Records from a data collection
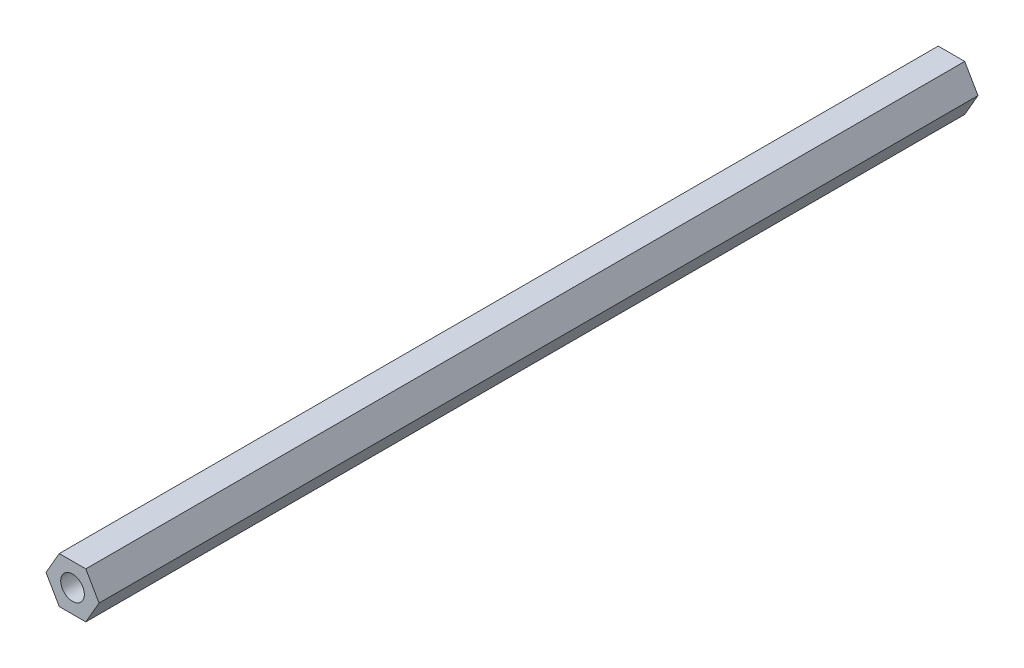
ISO-10303-21;
HEADER;
FILE_DESCRIPTION(('STEP AP214'),'2;1');
FILE_NAME('part.step','',(''),(''),'','','');
FILE_SCHEMA(('AUTOMOTIVE_DESIGN { 1 0 10303 214 1 1 1 1 }'));
ENDSEC;
DATA;
#1=APPLICATION_CONTEXT('core data for automotive mechanical design processes');
#2=APPLICATION_PROTOCOL_DEFINITION('international standard','automotive_design',2000,#1);
#3=PRODUCT_CONTEXT('',#1,'mechanical');
#4=PRODUCT('Part','Part','',(#3));
#5=PRODUCT_RELATED_PRODUCT_CATEGORY('part','',(#4));
#6=PRODUCT_DEFINITION_FORMATION('','',#4);
#7=PRODUCT_DEFINITION_CONTEXT('part definition',#1,'design');
#8=PRODUCT_DEFINITION('design','',#6,#7);
#9=PRODUCT_DEFINITION_SHAPE('','',#8);
#10=(LENGTH_UNIT() NAMED_UNIT(*) SI_UNIT(.MILLI.,.METRE.));
#11=(NAMED_UNIT(*) PLANE_ANGLE_UNIT() SI_UNIT($,.RADIAN.));
#12=(NAMED_UNIT(*) SI_UNIT($,.STERADIAN.) SOLID_ANGLE_UNIT());
#13=UNCERTAINTY_MEASURE_WITH_UNIT(LENGTH_MEASURE(1.E-05),#10,'distance_accuracy_value','');
#14=(GEOMETRIC_REPRESENTATION_CONTEXT(3) GLOBAL_UNCERTAINTY_ASSIGNED_CONTEXT((#13)) GLOBAL_UNIT_ASSIGNED_CONTEXT((#10,
#11,#12)) REPRESENTATION_CONTEXT('',''));
#15=CARTESIAN_POINT('',(0.,0.,0.));
#16=DIRECTION('',(0.,0.,1.));
#17=DIRECTION('',(1.,0.,0.));
#18=AXIS2_PLACEMENT_3D('',#15,#16,#17);
#19=CARTESIAN_POINT('',(0.,0.,242.8875));
#20=DIRECTION('',(0.,0.,1.));
#21=DIRECTION('',(1.,0.,0.));
#22=AXIS2_PLACEMENT_3D('',#19,#20,#21);
#23=PLANE('',#22);
#24=DIRECTION('',(-1.,0.,0.));
#25=VECTOR('',#24,1.);
#26=CARTESIAN_POINT('',(3.66617420935412,6.35,242.8875));
#27=LINE('',#26,#25);
#28=CARTESIAN_POINT('',(3.66617420935412,6.35,242.8875));
#29=VERTEX_POINT('',#28);
#30=CARTESIAN_POINT('',(-3.66617420935412,6.35,242.8875));
#31=VERTEX_POINT('',#30);
#32=EDGE_CURVE('E132',#29,#31,#27,.T.);
#33=ORIENTED_EDGE('',*,*,#32,.T.);
#34=DIRECTION('',(-0.5,-0.866025403784439,0.));
#35=VECTOR('',#34,1.);
#36=CARTESIAN_POINT('',(-3.66617420935412,6.35,242.8875));
#37=LINE('',#36,#35);
#38=CARTESIAN_POINT('',(-7.33234841870825,0.,242.8875));
#39=VERTEX_POINT('',#38);
#40=EDGE_CURVE('E90',#31,#39,#37,.T.);
#41=ORIENTED_EDGE('',*,*,#40,.T.);
#42=DIRECTION('',(0.5,-0.866025403784439,0.));
#43=VECTOR('',#42,1.);
#44=CARTESIAN_POINT('',(-7.33234841870825,0.,242.8875));
#45=LINE('',#44,#43);
#46=CARTESIAN_POINT('',(-3.66617420935412,-6.35,242.8875));
#47=VERTEX_POINT('',#46);
#48=EDGE_CURVE('E103',#39,#47,#45,.T.);
#49=ORIENTED_EDGE('',*,*,#48,.T.);
#50=DIRECTION('',(1.,0.,0.));
#51=VECTOR('',#50,1.);
#52=CARTESIAN_POINT('',(-3.66617420935412,-6.35,242.8875));
#53=LINE('',#52,#51);
#54=CARTESIAN_POINT('',(3.66617420935412,-6.35,242.8875));
#55=VERTEX_POINT('',#54);
#56=EDGE_CURVE('E97',#47,#55,#53,.T.);
#57=ORIENTED_EDGE('',*,*,#56,.T.);
#58=DIRECTION('',(0.5,0.866025403784439,0.));
#59=VECTOR('',#58,1.);
#60=CARTESIAN_POINT('',(3.66617420935412,-6.35,242.8875));
#61=LINE('',#60,#59);
#62=CARTESIAN_POINT('',(7.33234841870825,0.,242.8875));
#63=VERTEX_POINT('',#62);
#64=EDGE_CURVE('E101',#55,#63,#61,.T.);
#65=ORIENTED_EDGE('',*,*,#64,.T.);
#66=DIRECTION('',(-0.5,0.866025403784439,0.));
#67=VECTOR('',#66,1.);
#68=CARTESIAN_POINT('',(7.33234841870825,0.,242.8875));
#69=LINE('',#68,#67);
#70=EDGE_CURVE('E53',#63,#29,#69,.T.);
#71=ORIENTED_EDGE('',*,*,#70,.T.);
#72=EDGE_LOOP('',(#33,#41,#49,#57,#65,#71));
#73=FACE_BOUND('',#72,.T.);
#74=CARTESIAN_POINT('',(0.,0.,242.8875));
#75=DIRECTION('',(0.,0.,1.));
#76=DIRECTION('',(1.,0.,0.));
#77=AXIS2_PLACEMENT_3D('',#74,#75,#76);
#78=CIRCLE('',#77,3.2639);
#79=CARTESIAN_POINT('',(3.2639,0.,242.8875));
#80=VERTEX_POINT('',#79);
#81=EDGE_CURVE('E125',#80,#80,#78,.T.);
#82=ORIENTED_EDGE('',*,*,#81,.F.);
#83=EDGE_LOOP('',(#82));
#84=FACE_BOUND('',#83,.T.);
#85=ADVANCED_FACE('F36',(#73,#84),#23,.T.);
#86=CARTESIAN_POINT('',(0.,0.,0.));
#87=DIRECTION('',(0.,0.,1.));
#88=DIRECTION('',(1.,0.,0.));
#89=AXIS2_PLACEMENT_3D('',#86,#87,#88);
#90=PLANE('',#89);
#91=DIRECTION('',(-1.,0.,0.));
#92=VECTOR('',#91,1.);
#93=CARTESIAN_POINT('',(3.66617420935412,6.35,0.));
#94=LINE('',#93,#92);
#95=CARTESIAN_POINT('',(3.66617420935412,6.35,0.));
#96=VERTEX_POINT('',#95);
#97=CARTESIAN_POINT('',(-3.66617420935412,6.35,0.));
#98=VERTEX_POINT('',#97);
#99=EDGE_CURVE('E121',#96,#98,#94,.T.);
#100=ORIENTED_EDGE('',*,*,#99,.F.);
#101=DIRECTION('',(-0.5,0.866025403784439,0.));
#102=VECTOR('',#101,1.);
#103=CARTESIAN_POINT('',(7.33234841870825,0.,0.));
#104=LINE('',#103,#102);
#105=CARTESIAN_POINT('',(7.33234841870825,0.,0.));
#106=VERTEX_POINT('',#105);
#107=EDGE_CURVE('E82',#106,#96,#104,.T.);
#108=ORIENTED_EDGE('',*,*,#107,.F.);
#109=DIRECTION('',(0.5,0.866025403784439,0.));
#110=VECTOR('',#109,1.);
#111=CARTESIAN_POINT('',(3.66617420935412,-6.35,0.));
#112=LINE('',#111,#110);
#113=CARTESIAN_POINT('',(3.66617420935412,-6.35,0.));
#114=VERTEX_POINT('',#113);
#115=EDGE_CURVE('E76',#114,#106,#112,.T.);
#116=ORIENTED_EDGE('',*,*,#115,.F.);
#117=DIRECTION('',(1.,0.,0.));
#118=VECTOR('',#117,1.);
#119=CARTESIAN_POINT('',(-3.66617420935412,-6.35,0.));
#120=LINE('',#119,#118);
#121=CARTESIAN_POINT('',(-3.66617420935412,-6.35,0.));
#122=VERTEX_POINT('',#121);
#123=EDGE_CURVE('E111',#122,#114,#120,.T.);
#124=ORIENTED_EDGE('',*,*,#123,.F.);
#125=DIRECTION('',(0.5,-0.866025403784439,0.));
#126=VECTOR('',#125,1.);
#127=CARTESIAN_POINT('',(-7.33234841870825,0.,0.));
#128=LINE('',#127,#126);
#129=CARTESIAN_POINT('',(-7.33234841870825,0.,0.));
#130=VERTEX_POINT('',#129);
#131=EDGE_CURVE('E127',#130,#122,#128,.T.);
#132=ORIENTED_EDGE('',*,*,#131,.F.);
#133=DIRECTION('',(-0.5,-0.866025403784439,0.));
#134=VECTOR('',#133,1.);
#135=CARTESIAN_POINT('',(-3.66617420935412,6.35,0.));
#136=LINE('',#135,#134);
#137=EDGE_CURVE('E124',#98,#130,#136,.T.);
#138=ORIENTED_EDGE('',*,*,#137,.F.);
#139=EDGE_LOOP('',(#100,#108,#116,#124,#132,#138));
#140=FACE_BOUND('',#139,.T.);
#141=CARTESIAN_POINT('',(0.,0.,0.));
#142=DIRECTION('',(0.,0.,1.));
#143=DIRECTION('',(1.,0.,0.));
#144=AXIS2_PLACEMENT_3D('',#141,#142,#143);
#145=CIRCLE('',#144,3.2639);
#146=CARTESIAN_POINT('',(3.2639,0.,0.));
#147=VERTEX_POINT('',#146);
#148=EDGE_CURVE('E225',#147,#147,#145,.T.);
#149=ORIENTED_EDGE('',*,*,#148,.T.);
#150=EDGE_LOOP('',(#149));
#151=FACE_BOUND('',#150,.T.);
#152=ADVANCED_FACE('F141',(#140,#151),#90,.F.);
#153=CARTESIAN_POINT('',(3.66617420935412,6.35,242.8875));
#154=DIRECTION('',(0.,-1.,0.));
#155=DIRECTION('',(1.,0.,0.));
#156=AXIS2_PLACEMENT_3D('',#153,#154,#155);
#157=PLANE('',#156);
#158=ORIENTED_EDGE('',*,*,#99,.T.);
#159=DIRECTION('',(0.,0.,-1.));
#160=VECTOR('',#159,1.);
#161=CARTESIAN_POINT('',(-3.66617420935412,6.35,242.8875));
#162=LINE('',#161,#160);
#163=EDGE_CURVE('E11',#31,#98,#162,.T.);
#164=ORIENTED_EDGE('',*,*,#163,.F.);
#165=ORIENTED_EDGE('',*,*,#32,.F.);
#166=DIRECTION('',(0.,0.,-1.));
#167=VECTOR('',#166,1.);
#168=CARTESIAN_POINT('',(3.66617420935412,6.35,242.8875));
#169=LINE('',#168,#167);
#170=EDGE_CURVE('E117',#29,#96,#169,.T.);
#171=ORIENTED_EDGE('',*,*,#170,.T.);
#172=EDGE_LOOP('',(#158,#164,#165,#171));
#173=FACE_BOUND('',#172,.T.);
#174=ADVANCED_FACE('F38',(#173),#157,.F.);
#175=CARTESIAN_POINT('',(-3.66617420935412,6.35,242.8875));
#176=DIRECTION('',(0.866025403784439,-0.5,0.));
#177=DIRECTION('',(0.5,0.866025403784439,0.));
#178=AXIS2_PLACEMENT_3D('',#175,#176,#177);
#179=PLANE('',#178);
#180=ORIENTED_EDGE('',*,*,#137,.T.);
#181=DIRECTION('',(0.,0.,-1.));
#182=VECTOR('',#181,1.);
#183=CARTESIAN_POINT('',(-7.33234841870825,0.,242.8875));
#184=LINE('',#183,#182);
#185=EDGE_CURVE('E45',#39,#130,#184,.T.);
#186=ORIENTED_EDGE('',*,*,#185,.F.);
#187=ORIENTED_EDGE('',*,*,#40,.F.);
#188=ORIENTED_EDGE('',*,*,#163,.T.);
#189=EDGE_LOOP('',(#180,#186,#187,#188));
#190=FACE_BOUND('',#189,.T.);
#191=ADVANCED_FACE('F166',(#190),#179,.F.);
#192=CARTESIAN_POINT('',(-7.33234841870825,0.,242.8875));
#193=DIRECTION('',(0.866025403784439,0.5,0.));
#194=DIRECTION('',(-0.5,0.866025403784439,0.));
#195=AXIS2_PLACEMENT_3D('',#192,#193,#194);
#196=PLANE('',#195);
#197=ORIENTED_EDGE('',*,*,#131,.T.);
#198=DIRECTION('',(0.,0.,-1.));
#199=VECTOR('',#198,1.);
#200=CARTESIAN_POINT('',(-3.66617420935412,-6.35,242.8875));
#201=LINE('',#200,#199);
#202=EDGE_CURVE('E112',#47,#122,#201,.T.);
#203=ORIENTED_EDGE('',*,*,#202,.F.);
#204=ORIENTED_EDGE('',*,*,#48,.F.);
#205=ORIENTED_EDGE('',*,*,#185,.T.);
#206=EDGE_LOOP('',(#197,#203,#204,#205));
#207=FACE_BOUND('',#206,.T.);
#208=ADVANCED_FACE('F138',(#207),#196,.F.);
#209=CARTESIAN_POINT('',(-3.66617420935412,-6.35,242.8875));
#210=DIRECTION('',(0.,1.,0.));
#211=DIRECTION('',(-1.,0.,0.));
#212=AXIS2_PLACEMENT_3D('',#209,#210,#211);
#213=PLANE('',#212);
#214=ORIENTED_EDGE('',*,*,#123,.T.);
#215=DIRECTION('',(0.,0.,-1.));
#216=VECTOR('',#215,1.);
#217=CARTESIAN_POINT('',(3.66617420935412,-6.35,242.8875));
#218=LINE('',#217,#216);
#219=EDGE_CURVE('E108',#55,#114,#218,.T.);
#220=ORIENTED_EDGE('',*,*,#219,.F.);
#221=ORIENTED_EDGE('',*,*,#56,.F.);
#222=ORIENTED_EDGE('',*,*,#202,.T.);
#223=EDGE_LOOP('',(#214,#220,#221,#222));
#224=FACE_BOUND('',#223,.T.);
#225=ADVANCED_FACE('F109',(#224),#213,.F.);
#226=CARTESIAN_POINT('',(3.66617420935412,-6.35,242.8875));
#227=DIRECTION('',(-0.866025403784439,0.5,0.));
#228=DIRECTION('',(-0.5,-0.866025403784439,0.));
#229=AXIS2_PLACEMENT_3D('',#226,#227,#228);
#230=PLANE('',#229);
#231=ORIENTED_EDGE('',*,*,#115,.T.);
#232=DIRECTION('',(0.,0.,-1.));
#233=VECTOR('',#232,1.);
#234=CARTESIAN_POINT('',(7.33234841870825,0.,242.8875));
#235=LINE('',#234,#233);
#236=EDGE_CURVE('E113',#63,#106,#235,.T.);
#237=ORIENTED_EDGE('',*,*,#236,.F.);
#238=ORIENTED_EDGE('',*,*,#64,.F.);
#239=ORIENTED_EDGE('',*,*,#219,.T.);
#240=EDGE_LOOP('',(#231,#237,#238,#239));
#241=FACE_BOUND('',#240,.T.);
#242=ADVANCED_FACE('F115',(#241),#230,.F.);
#243=CARTESIAN_POINT('',(7.33234841870825,0.,242.8875));
#244=DIRECTION('',(-0.866025403784439,-0.5,0.));
#245=DIRECTION('',(0.5,-0.866025403784439,0.));
#246=AXIS2_PLACEMENT_3D('',#243,#244,#245);
#247=PLANE('',#246);
#248=ORIENTED_EDGE('',*,*,#107,.T.);
#249=ORIENTED_EDGE('',*,*,#170,.F.);
#250=ORIENTED_EDGE('',*,*,#70,.F.);
#251=ORIENTED_EDGE('',*,*,#236,.T.);
#252=EDGE_LOOP('',(#248,#249,#250,#251));
#253=FACE_BOUND('',#252,.T.);
#254=ADVANCED_FACE('F146',(#253),#247,.F.);
#255=CARTESIAN_POINT('',(0.,0.,242.8875));
#256=DIRECTION('',(0.,0.,-1.));
#257=DIRECTION('',(-1.,0.,0.));
#258=AXIS2_PLACEMENT_3D('',#255,#256,#257);
#259=CYLINDRICAL_SURFACE('',#258,3.2639);
#260=ORIENTED_EDGE('',*,*,#81,.T.);
#261=EDGE_LOOP('',(#260));
#262=FACE_BOUND('',#261,.T.);
#263=ORIENTED_EDGE('',*,*,#148,.F.);
#264=EDGE_LOOP('',(#263));
#265=FACE_BOUND('',#264,.T.);
#266=ADVANCED_FACE('F148',(#262,#265),#259,.F.);
#267=CLOSED_SHELL('',(#85,#152,#174,#191,#208,#225,#242,#254,#266));
#268=MANIFOLD_SOLID_BREP('B2',#267);
#269=ADVANCED_BREP_SHAPE_REPRESENTATION('',(#18,#268),#14);
#270=SHAPE_DEFINITION_REPRESENTATION(#9,#269);
ENDSEC;
END-ISO-10303-21;

Exercise
Give again exactly, and only, the lines above starting at the one with "#33=ORIENTED_EDGE('',*,*,#32,.T.);" and ending at the one with "#46=CARTESIAN_POINT('',(-3.66617420935412,-6.35,242.8875));".

Answer below
#33=ORIENTED_EDGE('',*,*,#32,.T.);
#34=DIRECTION('',(-0.5,-0.866025403784439,0.));
#35=VECTOR('',#34,1.);
#36=CARTESIAN_POINT('',(-3.66617420935412,6.35,242.8875));
#37=LINE('',#36,#35);
#38=CARTESIAN_POINT('',(-7.33234841870825,0.,242.8875));
#39=VERTEX_POINT('',#38);
#40=EDGE_CURVE('E90',#31,#39,#37,.T.);
#41=ORIENTED_EDGE('',*,*,#40,.T.);
#42=DIRECTION('',(0.5,-0.866025403784439,0.));
#43=VECTOR('',#42,1.);
#44=CARTESIAN_POINT('',(-7.33234841870825,0.,242.8875));
#45=LINE('',#44,#43);
#46=CARTESIAN_POINT('',(-3.66617420935412,-6.35,242.8875));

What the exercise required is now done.